I would expect to see this in most books, however, if you worked completely alone on the project and genuinely have no-one else to acknowledge, then don’t feel you have to make stuff up to fit this page in.

About The Author

This is where the author gives a bit of detail about themselves. Typically written in the third person, and coupled with a photograph, this is the section where you give the reader a quick snippet of who you are and what you are all about. This is a must have for me.

Reading is an intimate experience, and this is the chance for you to offer a sneaky-peak of the person behind the words. If you are a multi-genre author, you will want to tweak this page to be appropriate for the type of book you are writing.

For example: If you are writing a dark, dystopian thriller you may want a bio and photograph that reflects this. You may favour an author photograph with dark elements, your expression serious. That same About The Author page probably won’t tick the boxes for a children’s book.

Example of mine below:

Copyright Permissions

If you have sought permission to reproduce copyrighted material from elsewhere, it should be cited here (this sometimes appears in the front matter). This has not applied to me thus far but if you have used copyrighted material in your book, you should definitely include this page.

Discussion Questions

Depending on the type of book, you may want a section dedicated to thought-provoking questions about the book. This could be used for discussion in book clubs or in an academic context. I have not used this in any of my own books to date. Although in my Adventure Quest series, I have a section in each book called Character Profiles which gives a little more background on the key characters.


More relevant for non-fiction books, the Appendix is the place where information deemed too ‘heavy’ for the main body can be placed for reference by the reader. The appendix may contain a lengthy supporting document, tables of statistics, etc.


A chronology or timeline can be used to list events in a sequential order. Only relevant where the narrative of the book presents events outside the natural chronology and/or the sequence is deemed to be important.


Notes which relate to specific passages of the text and are referenced using superscripts in the body. More applicable to non-fiction.

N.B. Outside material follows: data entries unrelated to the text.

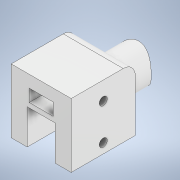
# Autodesk Inventor part: korob_3
Saved by Autodesk Inventor 2020 (Build 240168000, 168)
## iProperties
Created: 2019-12-25
Part Number: korob_3
Material: ABS Plastic
Document SubType Name: Modeling
Designer: metal
Density: 1.06 g/cm^3
Appearance: Smooth - White
Author: metal
Autodesk Inventor part; units mm, degrees
ref_plane "YZ Plane" through (0, 0, 0) normal (1, 0, 0) x (0, 1, 0)
ref_plane "XZ Plane" through (0, 0, 0) normal (0, 1, 0) x (-1, 0, 0)
ref_plane "XY Plane" through (0, 0, 0) normal (0, 0, 1) x (1, 0, 0)
sketch "Sketch1" plane through (0, 0, 0) normal (0, 0, 1) x (1, 0, 0)
  line L0 (0, 0) -> (15, 0)
  line L1 (15, 0) -> (15, -16)
  line L2 (15, -16) -> (0, -16)
  line L3 (0, -16) -> (0, 0)
  dimension "d0" = 16
  dimension "d1" = 15
  constraints: 8 end point, 2 parallel, 1 horizontal, 1 perpendicular
  measures "d0" distance of L2.end L0.start
  measures "d1" distance of L0.start L0.end
extrude "Extrusion1" add sketch "Sketch1" along normal blind 16
sketch "Sketch21" plane through (0, 0, 0) normal (0, 0, -1) x (-1, 0, 0)
  circle A0 centre (-7.5, -8) radius 4.5
  line L0 (0, 0) -> (0, -16) projected
  line L1 (-15, 0) -> (0, 0) projected
  dimension "d2" = 16
  dimension "d89" = 9
  dimension "d90" = 7.5
  dimension "d91" = 8
  constraints: 1 centre point
  measures "d89" diameter of A0
  measures "d90" distance from line of L0 A0.centre
  measures "d91" distance from line of L1 A0.centre
extrude "Extrusion12" add sketch "Sketch21" along normal blind 10
sketch "Sketch22" plane through (7.5, -8, -10) normal (0, 0, -1) x (-1, 0, 0)
  ellipse E0 centre (0, 0) end of major axis (0, -3) minor radius 1.8
  point P0 (7.5, 8)
  dimension "d2" = 16
  dimension "d94" = 1.8
  dimension "d95" = 3
  constraints: 2 other
extrude "Extrusion13" cut sketch "Sketch22" against normal blind 8
ref_plane "Work Plane5" through (7.5, -3.5, 0) normal (0, -1, 0) x (1, 0, 0)
sketch "Sketch24" plane through (7.5, -3.5, 0) normal (0, -1, 0) x (1, 0, 0)
  line L0 (-4.5, -10) -> (4.5, -10) projected
  line L1 (4.5, -10) -> (-4.5, -10)
  line L2 (-4.5, -10) -> (-4.5, -7)
  line L3 (-4.5, 0) -> (-4.5, -10) projected
  line L4 (4.5, -10) -> (4.5, -7)
  line L5 (4.5, 0) -> (4.5, -10) projected
  arc A0 (-4.5, -7) -> (4.5, -7) centre (0, -0.3856) ccw
  point P0 (-7.5, 0)
  dimension "d2" = 16
  dimension "d98" = 3
  dimension "d99" = 3
  dimension "d100" = 8
  constraints: 6 end point, 2 point on circle, 2 point on line, 1 centre point, 1 horizontal
  measures "d98" distance of L0.start L2.end
  measures "d99" distance of L0.end L4.end
  measures "d100" radius of A0
extrude "Extrusion14" cut sketch "Sketch24" along normal blind 12
sketch "Sketch31" plane through (0, 0, 16) normal (0, 0, 1) x (1, 0, 0)
  line L0 (4.5, -3) -> (10.5, -3)
  line L1 (10.5, -3) -> (10.5, -6.1)
  line L2 (10.5, -6.1) -> (4.5, -6.1)
  line L3 (4.5, -6.1) -> (4.5, -3)
  line L4 (15, -16) -> (15, 0) projected
  line L5 (15, 0) -> (0, 0) projected
  dimension "d2" = 16
  dimension "d130" = 3.1
  dimension "d131" = 6
  dimension "d132" = 4.5
  dimension "d133" = 3
  constraints: 8 end point, 2 parallel, 1 horizontal, 1 perpendicular
  measures "d130" distance of L0.end L1.end
  measures "d131" distance of L0.start L0.end
  measures "d132" distance between parallel lines of L4 L1
  measures "d133" distance between parallel lines of L5 L0
extrude "Extrusion20" cut sketch "Sketch31" against normal blind 6
sketch "Sketch32" plane through (0, 0, 16) normal (0, 0, 1) x (1, 0, 0)
  line L0 (4, -7.284) -> (11, -7.284)
  line L1 (11, -7.284) -> (11, -16.284)
  line L2 (11, -16.284) -> (4, -16.284)
  line L3 (4, -16.284) -> (4, -7.284)
  line L4 (10.5, -6.1) -> (4.5, -6.1) projected
  line L5 (15, -16) -> (15, 0) projected
  point P0 (0, 0)
  dimension "d2" = 16
  dimension "d140" = 7
  dimension "d141" = 1.184
  dimension "d142" = 4
  dimension "d143" = 9
  constraints: 8 end point, 2 parallel, 1 horizontal, 1 perpendicular
  measures "d140" distance of L0.start L0.end
  measures "d141" distance between parallel lines of L4 L0
  measures "d142" distance between parallel lines of L5 L1
  measures "d143" distance of L2.end L0.start
extrude "Extrusion21" cut sketch "Sketch32" against normal blind 15
sketch "Sketch33" plane through (0, -16, 0) normal (-1, 0, 0) x (0, 0, 1)
  circle A0 centre (8, 11.45) radius 1
  line L0 (16, 0) -> (16, 16) projected
  point P0 (0, 16)
  dimension "d2" = 16
  dimension "d146" = 2
  dimension "d147" = 8
  dimension "d148" = 4.55
  constraints: 1 centre point
  measures "d146" diameter of A0
  measures "d147" distance from line of L0 A0.centre
  measures "d148" vertical distance of point (0, 16) A0.centre
extrude "Extrusion22" cut sketch "Sketch33" against normal through all
sketch "Sketch34" plane through (0, 0, 0) normal (0, 0, -1) x (-1, 0, 0)
  line L0 (0, -16) -> (-15, -16) projected
  line L1 (-11, -16) -> (-4, -16)
  line L2 (-4, -16) -> (-4, -12.9958)
  line L3 (-4, -12.9958) -> (-11, -12.9958)
  line L4 (-11, -12.9958) -> (-11, -16)
  line L5 (0, 0) -> (0, -16) projected
  dimension "d2" = 16
  dimension "d151" = 7
  dimension "d152" = 4
  constraints: 8 end point, 2 parallel, 1 horizontal, 1 perpendicular, 1 point on line
  measures "d151" distance of L2.end L3.end
  measures "d152" distance between parallel lines of L5 L2
extrude "Extrusion23" cut sketch "Sketch34" against normal blind 10
sketch "Sketch35" plane through (15, -16, 0) normal (1, 0, 0) x (0, 0, -1)
  circle A0 centre (-8, 2.45) radius 1
  line L0 (0, 0) -> (-16, 0) projected
  line L1 (-16, 0) -> (-16, 16) projected
  point P0 (0, 16)
  dimension "d2" = 16
  dimension "d155" = 2
  dimension "d156" = 2.45
  dimension "d157" = 8
  constraints: 1 centre point
  measures "d155" diameter of A0
  measures "d156" distance from line of L0 A0.centre
  measures "d157" distance from line of L1 A0.centre
extrude "Extrusion24" cut sketch "Sketch35" against normal through all
fillet "Fillet4" radius 3 1 edges at (7.5, 0, 0)
body "Solid1"
Autodesk Fusion 360 part; units mm, degrees
note: some values were not read from the file. Set by a fixed rule: which sketch regions a step uses.
(part 2 of 3)
  arc A385 (-20.318, -125.058) -> (-9.818, -135.558) centre (-9.818, -125.058) ccw
  line L386 (-9.818, -135.558) -> (410.182, -135.558)
  arc A386 (410.182, -135.558) -> (420.682, -125.058) centre (410.182, -125.058) ccw
  line L387 (420.682, -125.058) -> (420.682, 4.942)
  arc A387 (420.682, 4.942) -> (410.182, 15.442) centre (410.182, 4.942) ccw
  line L388 (-20.318, 4.692) -> (-22.818, 4.692)
  line L389 (-23.818, 3.692) -> (-23.818, -4.308)
  line L390 (-22.818, -5.308) -> (-20.318, -5.308)
  line L391 (-20.318, -5.308) -> (-20.318, 4.692)
  arc A388 (-22.818, 4.692) -> (-23.818, 3.692) centre (-22.818, 3.692) ccw
  arc A389 (-23.818, -4.308) -> (-22.818, -5.308) centre (-22.818, -4.308) ccw
  line L392 (-23.818, -26.183) -> (-23.818, -34.183)
  line L393 (-20.318, -25.183) -> (-22.818, -25.183)
  line L394 (-22.818, -35.183) -> (-20.318, -35.183)
  arc A390 (-23.818, -34.183) -> (-22.818, -35.183) centre (-22.818, -34.183) ccw
  arc A391 (-22.818, -25.183) -> (-23.818, -26.183) centre (-22.818, -26.183) ccw
  line L395 (-23.818, -56.058) -> (-23.818, -64.058)
  line L396 (-20.318, -55.058) -> (-22.818, -55.058)
  line L397 (-22.818, -65.058) -> (-20.318, -65.058)
  arc A392 (-23.818, -64.058) -> (-22.818, -65.058) centre (-22.818, -64.058) ccw
  arc A393 (-22.818, -55.058) -> (-23.818, -56.058) centre (-22.818, -56.058) ccw
  line L398 (-23.818, -85.933) -> (-23.818, -93.933)
  line L399 (-20.318, -84.933) -> (-22.818, -84.933)
  line L400 (-22.818, -94.933) -> (-20.318, -94.933)
  arc A394 (-23.818, -93.933) -> (-22.818, -94.933) centre (-22.818, -93.933) ccw
  arc A395 (-22.818, -84.933) -> (-23.818, -85.933) centre (-22.818, -85.933) ccw
  line L401 (-23.818, -115.808) -> (-23.818, -123.808)
  line L402 (-20.318, -114.808) -> (-22.818, -114.808)
  line L403 (-22.818, -124.808) -> (-20.318, -124.808)
  arc A396 (-23.818, -123.808) -> (-22.818, -124.808) centre (-22.818, -123.808) ccw
  arc A397 (-22.818, -114.808) -> (-23.818, -115.808) centre (-22.818, -115.808) ccw
  line L404 (420.682, 4.692) -> (423.182, 4.692)
  line L405 (424.182, 3.692) -> (424.182, -4.308)
  line L406 (423.182, -5.308) -> (420.682, -5.308)
  line L407 (420.682, -5.308) -> (420.682, 4.692)
  arc A398 (424.182, 3.692) -> (423.182, 4.692) centre (423.182, 3.692) ccw
  arc A399 (423.182, -5.308) -> (424.182, -4.308) centre (423.182, -4.308) ccw
  arc A400 (423.182, -65.058) -> (424.182, -64.058) centre (423.182, -64.058) ccw
  line L408 (423.182, -65.058) -> (420.682, -65.058)
  line L409 (424.182, -56.058) -> (424.182, -64.058)
  line L410 (420.682, -55.058) -> (423.182, -55.058)
  arc A401 (424.182, -56.058) -> (423.182, -55.058) centre (423.182, -56.058) ccw
  arc A402 (423.182, -94.933) -> (424.182, -93.933) centre (423.182, -93.933) ccw
  line L411 (423.182, -94.933) -> (420.682, -94.933)
  line L412 (424.182, -85.933) -> (424.182, -93.933)
  line L413 (420.682, -84.933) -> (423.182, -84.933)
  arc A403 (424.182, -85.933) -> (423.182, -84.933) centre (423.182, -85.933) ccw
  line L414 (-9.568, 15.442) -> (0.432, 15.442)
  line L415 (0.432, 15.442) -> (0.432, 17.942)
  line L416 (-0.568, 18.942) -> (-8.568, 18.942)
  line L417 (-9.568, 17.942) -> (-9.568, 15.442)
  arc A404 (-8.568, 18.942) -> (-9.568, 17.942) centre (-8.568, 17.942) ccw
  arc A405 (0.432, 17.942) -> (-0.568, 18.942) centre (-0.568, 17.942) ccw
  line L418 (41.6195, 17.942) -> (41.6195, 15.442)
  arc A406 (42.6195, 18.942) -> (41.6195, 17.942) centre (42.6195, 17.942) ccw
  line L419 (50.6195, 18.942) -> (42.6195, 18.942)
  line L420 (51.6195, 15.442) -> (51.6195, 17.942)
  arc A407 (51.6195, 17.942) -> (50.6195, 18.942) centre (50.6195, 17.942) ccw
  line L421 (92.807, 17.942) -> (92.807, 15.442)
  arc A408 (93.807, 18.942) -> (92.807, 17.942) centre (93.807, 17.942) ccw
  line L422 (101.807, 18.942) -> (93.807, 18.942)
  line L423 (102.807, 15.442) -> (102.807, 17.942)
  arc A409 (102.807, 17.942) -> (101.807, 18.942) centre (101.807, 17.942) ccw
  line L424 (143.9945, 17.942) -> (143.9945, 15.442)
  arc A410 (144.9945, 18.942) -> (143.9945, 17.942) centre (144.9945, 17.942) ccw
  line L425 (152.9945, 18.942) -> (144.9945, 18.942)
  line L426 (153.9945, 15.442) -> (153.9945, 17.942)
  arc A411 (153.9945, 17.942) -> (152.9945, 18.942) centre (152.9945, 17.942) ccw
  line L427 (195.182, 17.942) -> (195.182, 15.442)
  arc A412 (196.182, 18.942) -> (195.182, 17.942) centre (196.182, 17.942) ccw
  line L428 (204.182, 18.942) -> (196.182, 18.942)
  line L429 (205.182, 15.442) -> (205.182, 17.942)
  arc A413 (205.182, 17.942) -> (204.182, 18.942) centre (204.182, 17.942) ccw
  line L430 (246.3695, 17.942) -> (246.3695, 15.442)
  arc A414 (247.3695, 18.942) -> (246.3695, 17.942) centre (247.3695, 17.942) ccw
  line L431 (255.3695, 18.942) -> (247.3695, 18.942)
  line L432 (256.3695, 15.442) -> (256.3695, 17.942)
  arc A415 (256.3695, 17.942) -> (255.3695, 18.942) centre (255.3695, 17.942) ccw
  line L433 (297.557, 17.942) -> (297.557, 15.442)
  arc A416 (298.557, 18.942) -> (297.557, 17.942) centre (298.557, 17.942) ccw
  line L434 (306.557, 18.942) -> (298.557, 18.942)
  line L435 (307.557, 15.442) -> (307.557, 17.942)
  arc A417 (307.557, 17.942) -> (306.557, 18.942) centre (306.557, 17.942) ccw
  line L436 (348.7445, 17.942) -> (348.7445, 15.442)
  arc A418 (349.7445, 18.942) -> (348.7445, 17.942) centre (349.7445, 17.942) ccw
  line L437 (357.7445, 18.942) -> (349.7445, 18.942)
  line L438 (358.7445, 15.442) -> (358.7445, 17.942)
  arc A419 (358.7445, 17.942) -> (357.7445, 18.942) centre (357.7445, 17.942) ccw
  line L439 (399.932, 17.942) -> (399.932, 15.442)
  arc A420 (400.932, 18.942) -> (399.932, 17.942) centre (400.932, 17.942) ccw
  line L440 (408.932, 18.942) -> (400.932, 18.942)
  line L441 (409.932, 15.442) -> (409.932, 17.942)
  arc A421 (409.932, 17.942) -> (408.932, 18.942) centre (408.932, 17.942) ccw
  line L442 (-9.568, -139.4053) -> (-9.818, -139.4053)
  line L443 (-9.568, -135.558) -> (0.432, -135.558)
  line L444 (0.432, -135.558) -> (0.432, -138.058)
  line L445 (-0.568, -139.058) -> (-8.568, -139.058)
  line L446 (-9.568, -138.058) -> (-9.568, -135.558)
  arc A422 (-9.568, -138.058) -> (-8.568, -139.058) centre (-8.568, -138.058) ccw
  arc A423 (-0.568, -139.058) -> (0.432, -138.058) centre (-0.568, -138.058) ccw
  line L447 (41.6195, -138.058) -> (41.6195, -135.558)
  arc A424 (41.6195, -138.058) -> (42.6195, -139.058) centre (42.6195, -138.058) ccw
  line L448 (50.6195, -139.058) -> (42.6195, -139.058)
  arc A425 (50.6195, -139.058) -> (51.6195, -138.058) centre (50.6195, -138.058) ccw
  line L449 (51.6195, -135.558) -> (51.6195, -138.058)
  line L450 (92.807, -138.058) -> (92.807, -135.558)
  arc A426 (92.807, -138.058) -> (93.807, -139.058) centre (93.807, -138.058) ccw
  line L451 (101.807, -139.058) -> (93.807, -139.058)
  arc A427 (101.807, -139.058) -> (102.807, -138.058) centre (101.807, -138.058) ccw
  line L452 (102.807, -135.558) -> (102.807, -138.058)
  line L453 (143.9945, -138.058) -> (143.9945, -135.558)
  arc A428 (143.9945, -138.058) -> (144.9945, -139.058) centre (144.9945, -138.058) ccw
  line L454 (152.9945, -139.058) -> (144.9945, -139.058)
  arc A429 (152.9945, -139.058) -> (153.9945, -138.058) centre (152.9945, -138.058) ccw
  line L455 (153.9945, -135.558) -> (153.9945, -138.058)
  line L456 (195.182, -138.058) -> (195.182, -135.558)
  arc A430 (195.182, -138.058) -> (196.182, -139.058) centre (196.182, -138.058) ccw
  line L457 (204.182, -139.058) -> (196.182, -139.058)
  arc A431 (204.182, -139.058) -> (205.182, -138.058) centre (204.182, -138.058) ccw
  line L458 (205.182, -135.558) -> (205.182, -138.058)
  line L459 (246.3695, -138.058) -> (246.3695, -135.558)
  arc A432 (246.3695, -138.058) -> (247.3695, -139.058) centre (247.3695, -138.058) ccw
  line L460 (255.3695, -139.058) -> (247.3695, -139.058)
  arc A433 (255.3695, -139.058) -> (256.3695, -138.058) centre (255.3695, -138.058) ccw
  line L461 (256.3695, -135.558) -> (256.3695, -138.058)
  line L462 (297.557, -138.058) -> (297.557, -135.558)
  arc A434 (297.557, -138.058) -> (298.557, -139.058) centre (298.557, -138.058) ccw
  line L463 (306.557, -139.058) -> (298.557, -139.058)
  arc A435 (306.557, -139.058) -> (307.557, -138.058) centre (306.557, -138.058) ccw
  line L464 (307.557, -135.558) -> (307.557, -138.058)
  line L465 (348.7445, -138.058) -> (348.7445, -135.558)
  arc A436 (348.7445, -138.058) -> (349.7445, -139.058) centre (349.7445, -138.058) ccw
  line L466 (357.7445, -139.058) -> (349.7445, -139.058)
  arc A437 (357.7445, -139.058) -> (358.7445, -138.058) centre (357.7445, -138.058) ccw
  line L467 (358.7445, -135.558) -> (358.7445, -138.058)
  line L468 (399.932, -138.058) -> (399.932, -135.558)
  arc A438 (399.932, -138.058) -> (400.932, -139.058) centre (400.932, -138.058) ccw
  line L469 (408.932, -139.058) -> (400.932, -139.058)
  arc A439 (408.932, -139.058) -> (409.932, -138.058) centre (408.932, -138.058) ccw
  line L470 (409.932, -135.558) -> (409.932, -138.058)
  arc A440 (373.352, -130.228) -> (376.152, -127.428) centre (373.352, -127.428) ccw
  line L471 (376.152, -125.488) -> (376.152, -127.428)
  arc A441 (376.152, -125.488) -> (373.352, -122.688) centre (373.352, -125.488) ccw
  line L472 (348.552, -122.688) -> (373.352, -122.688)
  arc A442 (348.552, -122.688) -> (345.752, -125.488) centre (348.552, -125.488) ccw
  line L473 (345.752, -127.428) -> (345.752, -125.488)
  arc A443 (345.752, -127.428) -> (348.552, -130.228) centre (348.552, -127.428) ccw
  line L474 (373.352, -130.228) -> (348.552, -130.228)
  arc A444 (395.862, -124.298) -> (394.562, -125.598) centre (395.862, -125.598) ccw
  line L475 (394.562, -130.078) -> (394.562, -125.598)
  arc A445 (394.562, -130.078) -> (395.862, -131.378) centre (395.862, -130.078) ccw
  line L476 (397.802, -131.378) -> (395.862, -131.378)
  arc A446 (397.802, -131.378) -> (399.102, -130.078) centre (397.802, -130.078) ccw
  line L477 (399.102, -125.598) -> (399.102, -130.078)
  arc A447 (399.102, -125.598) -> (397.802, -124.298) centre (397.802, -125.598) ccw
  line L478 (395.862, -124.298) -> (397.802, -124.298)
  arc A448 (383.062, -9.148) -> (381.762, -7.848) centre (381.762, -9.148) ccw
  line L479 (367.122, -7.848) -> (381.762, -7.848)
  arc A449 (367.122, -7.848) -> (365.822, -9.148) centre (367.122, -9.148) ccw
  line L480 (365.822, -13.628) -> (365.822, -9.148)
  arc A450 (365.822, -13.628) -> (367.122, -14.928) centre (367.122, -13.628) ccw
  line L481 (381.762, -14.928) -> (367.122, -14.928)
  arc A451 (381.762, -14.928) -> (383.062, -13.628) centre (381.762, -13.628) ccw
  line L482 (383.062, -9.148) -> (383.062, -13.628)
  line L483 (411.977, -14.103) -> (397.337, -14.103)
  line L484 (396.037, -12.803) -> (396.037, -10.863)
  line L485 (397.337, -9.563) -> (411.977, -9.563)
  arc A452 (396.037, -12.803) -> (397.337, -14.103) centre (397.337, -12.803) ccw
  arc A453 (397.337, -9.563) -> (396.037, -10.863) centre (397.337, -10.863) ccw
  arc A454 (411.977, -14.103) -> (413.277, -12.803) centre (411.977, -12.803) ccw
  line L486 (413.277, -10.863) -> (413.277, -12.803)
  arc A455 (413.277, -10.863) -> (411.977, -9.563) centre (411.977, -10.863) ccw
  arc A456 (412.123, 3.662) -> (410.823, 4.962) centre (410.823, 3.662) ccw
  line L487 (406.143, 4.962) -> (410.823, 4.962)
  arc A457 (406.143, 4.962) -> (404.843, 3.662) centre (406.143, 3.662) ccw
  line L488 (404.843, 1.722) -> (404.843, 3.662)
  arc A458 (404.843, 1.722) -> (406.143, 0.422) centre (406.143, 1.722) ccw
  line L489 (410.823, 0.422) -> (406.143, 0.422)
  arc A459 (410.823, 0.422) -> (412.123, 1.722) centre (410.823, 1.722) ccw
  line L490 (412.123, 3.662) -> (412.123, 1.722)
  point P0 (-23.818, 4.692)
  point P1 (424.182, 4.692)
  point P2 (-9.568, 18.942)
  point P3 (-9.568, -139.058)
  dimension "d12" = 3.5
  dimension "d13" = 10
  dimension "d14" = 1
  dimension "d17" = 0
  dimension "d18" = -119.5
  dimension "d23" = 3.5
  dimension "d24" = 10
  dimension "d25" = 1
  dimension "d28" = 0
  dimension "d29" = -119.5
  dimension "d31" = 10
  dimension "d32" = 3.5
  dimension "d33" = 1
  dimension "d36" = 409.5
  dimension "d37" = 0
  dimension "d39" = 10
  dimension "d40" = 3.5
  dimension "d41" = 1
  dimension "d44" = 409.5
  dimension "d45" = 0
  constraint horizontal L388
  constraint vertical L389
  constraint horizontal L390
  constraint vertical L391
  constraint coincident P0 L388
  constraint coincident P0 L389
  constraint tangent L388 A388
  constraint tangent L389 A388
  constraint tangent L390 A389
  constraint tangent L389 A389
  constraint equal A388 A389
  constraint horizontal L404
  constraint vertical L405
  constraint horizontal L406
  constraint vertical L407
  constraint coincident P1 L404
  constraint coincident P1 L405
  constraint tangent L404 A398
  constraint tangent L405 A398
  constraint tangent L405 A399
  constraint tangent L406 A399
  constraint equal A398 A399
  constraint horizontal L414
  constraint vertical L415
  constraint horizontal L416
  constraint vertical L417
  constraint coincident P2 L417
  constraint coincident P2 L416
  constraint tangent L417 A404
  constraint tangent L416 A404
  constraint tangent L415 A405
  constraint tangent L416 A405
  constraint equal A404 A405
  constraint horizontal L442
  constraint horizontal L443
  constraint vertical L444
  constraint horizontal L445
  constraint vertical L446
  constraint coincident P3 L446
  constraint coincident P3 L445
  constraint tangent L446 A422
  constraint tangent L445 A422
  constraint tangent L445 A423
  constraint tangent L444 A423
  constraint equal A422 A423
  measures "d12" distance of L388.start P0
  measures "d13" distance of L388.start L390.end
  measures "d14" radius of A388
  measures "d23" distance of L404.start P1
  measures "d24" distance of L404.start L406.end
  measures "d25" radius of A398
  measures "d31" distance of L414.start L414.end
  measures "d32" distance of L414.start P2
  measures "d33" radius of A404
  measures "d39" distance of L443.start L443.end
  measures "d40" distance of L443.start P3
  measures "d41" radius of A422
extrude "Extrude1" add sketch "Sketch1" along normal blind 1.5 contours L384 A384 L385 A385 L386 A386 L387 A387 L391 L407 L414 L443 | A440 L471 A441 L472 A442 L473 A443 L474 | A444 L475 A445 L476 A446 L477 A447 L478 | A448 L479 A449 L480 A450 L481 A451 L482 | L483 L484 L485 A452 A453 A454 L486 A455 | A456 L487 A457 L488 A458 L489 A459 L490
extrude "Extrude2" add sketch "Sketch1" along normal blind 1.5 contours L385 L388 L389 L390 L391 A388 A389 | L385 L392 L393 L394 A390 A391 | L385 L395 L396 L397 A392 A393 | L385 L398 L399 L400 A394 A395 | L385 L401 L402 L403 A396 A397
extrude "Extrude3" add sketch "Sketch1" along normal blind 1.5 contours L384 L439 A420 L440 L441 A421 | L387 L404 L405 L406 L407 A398 A399 | L384 L436 A418 L437 L438 A419 | L387 A400 L408 L409 L410 A401 | L384 L433 A416 L434 L435 A417 | L387 A402 L411 L412 L413 A403 | L384 L430 A414 L431 L432 A415 | L384 L427 A412 L428 L429 A413 | L386 L468 A438 L469 A439 L470 | L384 L424 A410 L425 L426 A411 | L386 L465 A436 L466 A437 L467 | L384 L421 A408 L422 L423 A409 | L386 L462 A434 L463 A435 L464 | L384 L418 A406 L419 L420 A407 | L386 L459 A432 L460 A433 L461 | L384 L414 L415 L416 L417 A404 A405 | L386 L456 A430 L457 A431 L458 | L386 L453 A428 L454 A429 L455 | L386 L450 A426 L451 A427 L452 | L386 L447 A424 L448 A425 L449 | L386 L443 L444 L445 L446 A422 A423
extrude "Extrude4" cut sketch "Sketch1" along normal blind 3 contours A440 L471 A441 L472 A442 L473 A443 L474
extrude "Extrude5" cut sketch "Sketch1" along normal blind 2 contours A444 L475 A445 L476 A446 L477 A447 L478
extrude "Extrude6" cut sketch "Sketch1" along normal blind 10 contours A448 L479 A449 L480 A450 L481 A451 L482
extrude "Extrude7" cut sketch "Sketch1" along normal blind 15 contours L483 L484 L485 A452 A453 A454 L486 A455
extrude "Extrude8" cut sketch "Sketch1" along normal blind 5 contours A456 L487 A457 L488 A458 L489 A459 L490
sketch "Sketch3" plane through (0, 0, 1.5) normal (0, 0, 1) x (-1, 0, 0)
  line L0 (-406.143, -4.962) -> (-410.823, -4.962)
  arc A0 (-412.123, -3.662) -> (-410.823, -4.962) centre (-410.823, -3.662) ccw
  line L1 (-412.123, -3.662) -> (-412.123, -1.722)
  arc A1 (-410.823, -0.422) -> (-412.123, -1.722) centre (-410.823, -1.722) ccw
  line L2 (-410.823, -0.422) -> (-406.143, -0.422)
  arc A2 (-404.843, -1.722) -> (-406.143, -0.422) centre (-406.143, -1.722) ccw
  line L3 (-404.843, -1.722) -> (-404.843, -3.662)
  arc A3 (-406.143, -4.962) -> (-404.843, -3.662) centre (-406.143, -3.662) ccw
  line L4 (-411.977, 14.103) -> (-397.337, 14.103)
  arc A4 (-396.037, 12.803) -> (-397.337, 14.103) centre (-397.337, 12.803) ccw
  line L5 (-396.037, 12.803) -> (-396.037, 10.863)
  arc A5 (-397.337, 9.563) -> (-396.037, 10.863) centre (-397.337, 10.863) ccw
  line L6 (-397.337, 9.563) -> (-411.977, 9.563)
  arc A6 (-413.277, 10.863) -> (-411.977, 9.563) centre (-411.977, 10.863) ccw
  line L7 (-413.277, 10.863) -> (-413.277, 12.803)
  arc A7 (-411.977, 14.103) -> (-413.277, 12.803) centre (-411.977, 12.803) ccw
  line L8 (-367.122, 7.848) -> (-381.762, 7.848)
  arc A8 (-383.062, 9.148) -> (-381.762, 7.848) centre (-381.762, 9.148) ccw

Definitions of terms or acronyms used in the body of the text which a novice to the subject matter may be unfamiliar with should go here. I used a Glossary of Terms in my FPL book as a lot of the terminology used could be ambiguous or confusing to newcomers.


Often used in non-fiction, the Index is a list of terms and phrases which occur in the text’s body alongside their corresponding page references, to show all the places in the book where these terms can be found. The terms of an Index are in alphabetical order.

Bibliography / Reference List

A breakdown of all the sources cited in the work. This is a formal list and should follow a style manual.

Additional Contact

This is not one you will see on many Back Matter content lists but, as a new and/or self-published author, you will want to appeal to your readers to leave reviews of your book. You will also want to acquire their contact information for your on-going marketing strategy.

I personally do this over two pages, one dedicated to the importance of customer reviews for authors and another one with my social media links so they can get in touch. The latter provides an opportunity to acquire readers’ details which can be used to communicate the release of future books and/or inform them of any price changes/promotions/giveaways you may be doing as part of your marketing strategy.


The above lists are not exhaustive. Remember, it is your book. You can do whatever you want with it.

My advice is to adapt your front and back matter to each book you write. You want to strike the balance between not having a book so bare that it looks unprofessional, but simultaneously not cramming it so full of junk that you increase your print costs for no tangible gain.